X: The film was bent by 160 ° and cracked.

  Since the curable composition of the present invention as described above is excellent in developability and obtains a cured product excellent in various properties as described above, a solder resist, a dry film, an etching resist, a plating resist, a multilayer wiring It is useful for applications such as an interlayer insulating layer of a board, a permanent mask used for manufacturing a tape carrier package, a resist for a flexible wiring board, a resist for a color filter, a resist for ink jet, a resist for fiber processing.

Claims (8)

(A) One type or two or more types of monocarboxylic acids (b) are added to the epoxy group of the resin (a) having two or more epoxy groups in one molecule with respect to 1 equivalent of the epoxy group in total.

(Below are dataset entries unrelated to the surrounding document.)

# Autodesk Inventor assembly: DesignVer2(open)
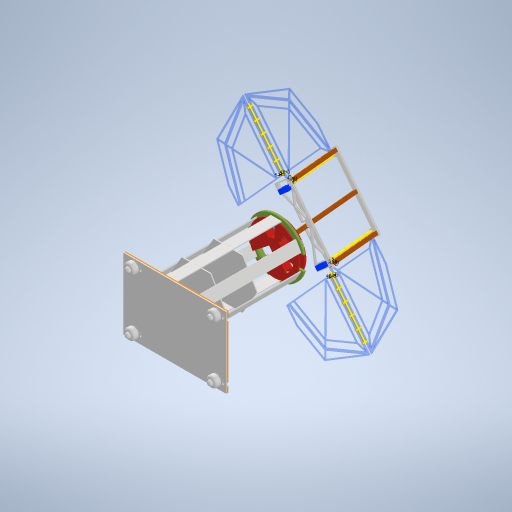
[picture p0: Inventor's stored thumbnail of the model, 512x512]
Saved by Autodesk Inventor 2024 (Build 280153000, 153)
## iProperties
Created: 2024-04-09
Part Number: DesignVer2(open)
Document SubType Name: Assembly
Designer: USER
Author: USER
## Documents named in this file (16)
- E:\university\大三\大三下\機工實務\圖檔\DesignVer2\DesignVer2(open).iam
- E:\university\大三\大三下\機工實務\圖檔\DesignVer2\base.ipt
- E:\university\大三\大三下\機工實務\圖檔\DesignVer2\cow_wheel.ipt
- E:\university\大三\大三下\機工實務\圖檔\DesignVer2\base_ver2.ipt
- E:\university\大三\大三下\機工實務\圖檔\DesignVer2\back_down_hold.ipt
- E:\university\大三\大三下\機工實務\圖檔\DesignVer2\back_cir_hold.ipt
- E:\university\大三\大三下\機工實務\圖檔\DesignVer2\middle_space.ipt
- E:\university\大三\大三下\機工實務\圖檔\DesignVer2\rolling_plate.ipt
- E:\university\大三\大三下\機工實務\圖檔\DesignVer2\rolling_plate_top.ipt
- E:\university\大三\大三下\機工實務\圖檔\DesignVer2\rolling_plate_small.ipt
- E:\university\大三\大三下\機工實務\圖檔\DesignVer2\左右.ipt
- E:\university\大三\大三下\機工實務\圖檔\DesignVer2\左右2.ipt
- E:\university\大三\大三下\機工實務\圖檔\DesignVer2\馬達.ipt
- E:\university\大三\大三下\機工實務\圖檔\DesignVer2\軸.ipt
- E:\university\大三\大三下\機工實務\圖檔\DesignVer2\螺絲.ipt
- E:\university\大三\大三下\機工實務\圖檔\DesignVer2\sail(open).iam
## Components (29 placed, 15 different names)
1. base:1 — 貼合:14, 齊平:3, 齊平:4, 貼合:15
2. cow_wheel:1
3. cow_wheel:2
4. cow_wheel:3
5. cow_wheel:4
6. base_ver2:1 — 貼合:16, 貼合:17, 貼合:18, 貼合:19, 貼合:24, 貼合:25, 貼合:26, 貼合:27, 貼合:37, 貼合:38, 貼合:39, 貼合:40, 貼合:72
7. back_down_hold:1 — 齊平:7, 齊平:8, 齊平:9, 貼合:39, 貼合:40, 相切:2
8. back_down_hold:2 — 貼合:18, 貼合:19, 貼合:34, 齊平:14, 相切:1, 貼合:72, 齊平:28
9. back_down_hold:3 — 齊平:5, 貼合:26, 貼合:27, 貼合:47, 齊平:13
10. back_down_hold:4 — 齊平:8, 齊平:9, 貼合:37, 貼合:38
11. back_down_hold:5 — 齊平:6, 齊平:7, 貼合:24, 貼合:25, 貼合:46, 齊平:12, 貼合:48
12. back_down_hold:6 — 齊平:5, 齊平:6, 貼合:15, 貼合:16, 貼合:17, 貼合:32, 貼合:33
13. back_cir_hold:1 — 貼合:32, 貼合:33, 貼合:34, 貼合:51
14. middle_space:1 — 齊平:13, 貼合:48, 齊平:14, 齊平:28
15. middle_space:2 — 貼合:46, 齊平:12, 貼合:47
16. rolling_plate:1 — 貼合:49, 貼合:50, 齊平:15, 貼合:51, 貼合:55, 齊平:22, 齊平:23
17. rolling_plate:2 — 貼合:56, 貼合:57, 齊平:24
18. rolling_plate_top:1 — 貼合:49, 貼合:50, 齊平:15, 相切:1, 相切:2, 貼合:58, 貼合:59, 貼合:60, 貼合:61, 貼合:62, 貼合:63
19. rolling_plate_small:1 — 貼合:52, 齊平:16, 齊平:19, 貼合:56, 齊平:24
20. rolling_plate_small:2 — 貼合:52, 貼合:53, 齊平:16, 齊平:17, 齊平:19, 齊平:20, 貼合:57
21. rolling_plate_small:3 — 貼合:53, 貼合:54, 齊平:17, 齊平:18, 齊平:20, 齊平:21
22. rolling_plate_small:4 — 貼合:54, 齊平:18, 齊平:21, 貼合:55, 齊平:22, 齊平:23
23. 左右:1 — 貼合:58, 貼合:59, 貼合:60, 貼合:66, 貼合:67, 齊平:26, 貼合:68, 齊平:27
24. 左右2:1 — 貼合:61, 貼合:62, 貼合:63
25. 馬達:1 — 貼合:64, 貼合:65, 貼合:69, 貼合:70, 貼合:71
26. 軸:1 — 貼合:64, 貼合:65, 貼合:73, 貼合:74, 貼合:75
27. 螺絲:1 — 齊平:25, 貼合:66, 貼合:67, 齊平:26, 貼合:69, 貼合:70
28. 螺絲:2 — 齊平:25, 貼合:68, 齊平:27, 貼合:71
29. sail(open):1 [sub-assembly] — 貼合:73, 貼合:74, 貼合:75
## Relationships (88: Mate 60, Flush 26, Tangent 2)
- [Mate]: base:1 ↔ cow_wheel:4
- [Mate]: base:1 ↔ cow_wheel:4
- [Mate]: base:1 ↔ cow_wheel:4
- [Mate]: base:1 ↔ cow_wheel:3
- [Mate]: base:1 ↔ cow_wheel:3
- [Mate]: base:1 ↔ cow_wheel:3
- [Mate]: base:1 ↔ cow_wheel:2
- [Mate]: base:1 ↔ cow_wheel:2
- [Mate]: base:1 ↔ cow_wheel:1
- [Mate]: base:1 ↔ cow_wheel:1
- [Mate]: base:1 ↔ cow_wheel:2
- [Mate]: base:1 ↔ cow_wheel:1
- [Mate]: base:1 ↔ base_ver2:1
- [Flush]: base:1 ↔ base_ver2:1
- [Flush]: base:1 ↔ base_ver2:1
- 貼合:14 [Mate]: base:1
- 齊平:3 [Flush]: base:1
- 齊平:4 [Flush]: base:1
- 齊平:5 [Flush]: back_down_hold:3 ↔ back_down_hold:6
- 齊平:6 [Flush]: back_down_hold:5 ↔ back_down_hold:6
- 齊平:7 [Flush]: back_down_hold:1 ↔ back_down_hold:5
- 齊平:8 [Flush]: back_down_hold:1 ↔ back_down_hold:4
- 貼合:15 [Mate]: base:1 ↔ back_down_hold:6
- 貼合:16 [Mate]: base_ver2:1 ↔ back_down_hold:6
- 貼合:17 [Mate]: base_ver2:1 ↔ back_down_hold:6
- 貼合:18 [Mate]: base_ver2:1 ↔ back_down_hold:2
- 貼合:19 [Mate]: base_ver2:1 ↔ back_down_hold:2
- 貼合:24 [Mate]: base_ver2:1 ↔ back_down_hold:5
- 貼合:25 [Mate]: base_ver2:1 ↔ back_down_hold:5
- 貼合:26 [Mate]: base_ver2:1 ↔ back_down_hold:3
- 貼合:27 [Mate]: base_ver2:1 ↔ back_down_hold:3
- 齊平:9 [Flush]: back_down_hold:1 ↔ back_down_hold:4
- 貼合:32 [Mate]: back_down_hold:6 ↔ back_cir_hold:1
- 貼合:33 [Mate]: back_down_hold:6 ↔ back_cir_hold:1
- 貼合:34 [Mate]: back_down_hold:2 ↔ back_cir_hold:1
- 貼合:37 [Mate]: base_ver2:1 ↔ back_down_hold:4
- 貼合:38 [Mate]: base_ver2:1 ↔ back_down_hold:4
- 貼合:39 [Mate]: base_ver2:1 ↔ back_down_hold:1
- 貼合:40 [Mate]: base_ver2:1 ↔ back_down_hold:1
- 貼合:46 [Mate]: back_down_hold:5 ↔ middle_space:2
- 齊平:12 [Flush]: back_down_hold:5 ↔ middle_space:2
- 貼合:47 [Mate]: back_down_hold:3 ↔ middle_space:2
- 齊平:13 [Flush]: back_down_hold:3 ↔ middle_space:1
- 貼合:48 [Mate]: back_down_hold:5 ↔ middle_space:1
- 齊平:14 [Flush]: back_down_hold:2 ↔ middle_space:1
- 貼合:49 [Mate]: rolling_plate:1 ↔ rolling_plate_top:1
- 貼合:50 [Mate]: rolling_plate:1 ↔ rolling_plate_top:1
- 齊平:15 [Flush]: rolling_plate:1 ↔ rolling_plate_top:1
- 貼合:51 [Mate] (0.5 mm): back_cir_hold:1 ↔ rolling_plate:1
- 相切:1 [Tangent]: back_down_hold:2 ↔ rolling_plate_top:1
- 相切:2 [Tangent]: back_down_hold:1 ↔ rolling_plate_top:1
- 貼合:52 [Mate]: rolling_plate_small:1 ↔ rolling_plate_small:2
- 貼合:53 [Mate]: rolling_plate_small:2 ↔ rolling_plate_small:3
- 貼合:54 [Mate]: rolling_plate_small:3 ↔ rolling_plate_small:4
- 齊平:16 [Flush]: rolling_plate_small:1 ↔ rolling_plate_small:2
- 齊平:17 [Flush]: rolling_plate_small:2 ↔ rolling_plate_small:3
- 齊平:18 [Flush]: rolling_plate_small:3 ↔ rolling_plate_small:4
- 齊平:19 [Flush]: rolling_plate_small:1 ↔ rolling_plate_small:2
- 齊平:20 [Flush]: rolling_plate_small:2 ↔ rolling_plate_small:3
- 齊平:21 [Flush]: rolling_plate_small:3 ↔ rolling_plate_small:4
- 貼合:55 [Mate]: rolling_plate:1 ↔ rolling_plate_small:4
- 齊平:22 [Flush]: rolling_plate:1 ↔ rolling_plate_small:4
- 齊平:23 [Flush]: rolling_plate:1 ↔ rolling_plate_small:4
- 貼合:56 [Mate]: rolling_plate:2 ↔ rolling_plate_small:1
- 貼合:57 [Mate]: rolling_plate:2 ↔ rolling_plate_small:2
- 齊平:24 [Flush]: rolling_plate:2 ↔ rolling_plate_small:1
- 貼合:58 [Mate]: rolling_plate_top:1 ↔ 左右:1
- 貼合:59 [Mate]: rolling_plate_top:1 ↔ 左右:1
- 貼合:60 [Mate]: rolling_plate_top:1 ↔ 左右:1
- 貼合:61 [Mate]: rolling_plate_top:1 ↔ 左右2:1
- 貼合:62 [Mate]: rolling_plate_top:1 ↔ 左右2:1
- 貼合:63 [Mate]: rolling_plate_top:1 ↔ 左右2:1
- 貼合:64 [Mate]: 馬達:1 ↔ 軸:1
- 貼合:65 [Mate]: 馬達:1 ↔ 軸:1
- 齊平:25 [Flush]: 螺絲:1 ↔ 螺絲:2
- 貼合:66 [Mate]: 左右:1 ↔ 螺絲:1
- 貼合:67 [Mate]: 左右:1 ↔ 螺絲:1
- 齊平:26 [Flush]: 左右:1 ↔ 螺絲:1
- 貼合:68 [Mate]: 左右:1 ↔ 螺絲:2
- 齊平:27 [Flush]: 左右:1 ↔ 螺絲:2
- 貼合:69 [Mate]: 馬達:1 ↔ 螺絲:1
- 貼合:70 [Mate]: 馬達:1 ↔ 螺絲:1
- 貼合:71 [Mate]: 馬達:1 ↔ 螺絲:2
- 貼合:72 [Mate]: base_ver2:1 ↔ back_down_hold:2
- 齊平:28 [Flush]: back_down_hold:2 ↔ middle_space:1
- 貼合:73 [Mate]: 軸:1 ↔ sail(open):1
- 貼合:74 [Mate]: 軸:1 ↔ sail(open):1
- 貼合:75 [Mate]: 軸:1 ↔ sail(open):1

The reaction is performed at a rate of 3 to 0.9 mol, and the epoxy group of the obtained reaction product (c) is reacted with the dicarboxylic acid (d) at a rate of 1 to 5 mol with respect to 1 equivalent of the epoxy group. A carboxyl group-containing resin obtained by being obtained and having an acid value of 20 to 200 mgKOH / g and soluble in an organic solvent;
A curable composition capable of alkali development, comprising (B) a photosensitive (meth) acrylate compound, and (C) a photopolymerization initiator.   The curable composition according to claim 1, wherein the monocarboxylic acid (b) is an unsaturated group-containing monocarboxylic acid.   2. The curable composition according to claim 1, wherein a part of the monocarboxylic acid (b) is an unsaturated group-containing monocarboxylic acid and the rest is a monocarboxylic acid not containing an unsaturated group.   The curable composition according to claim 1, wherein the monocarboxylic acid (b) is a monocarboxylic acid containing no unsaturated group.   The curable composition according to claim 2 or 3, wherein the unsaturated group-containing monocarboxylic acid is acrylic acid or methacrylic acid.   The curable composition according to any one of claims 1 to 5, wherein the resin (a) having two or more epoxy groups in one molecule is a novolac type epoxy resin. The curable composition according to claim 1 wherein the dicarboxylic acid (d) is a dicarboxylic acid melts in a solvent soluble and / or the reaction temperature in the reaction solvent.   Hardened | cured material of the curable composition in any one of Claims 1-7.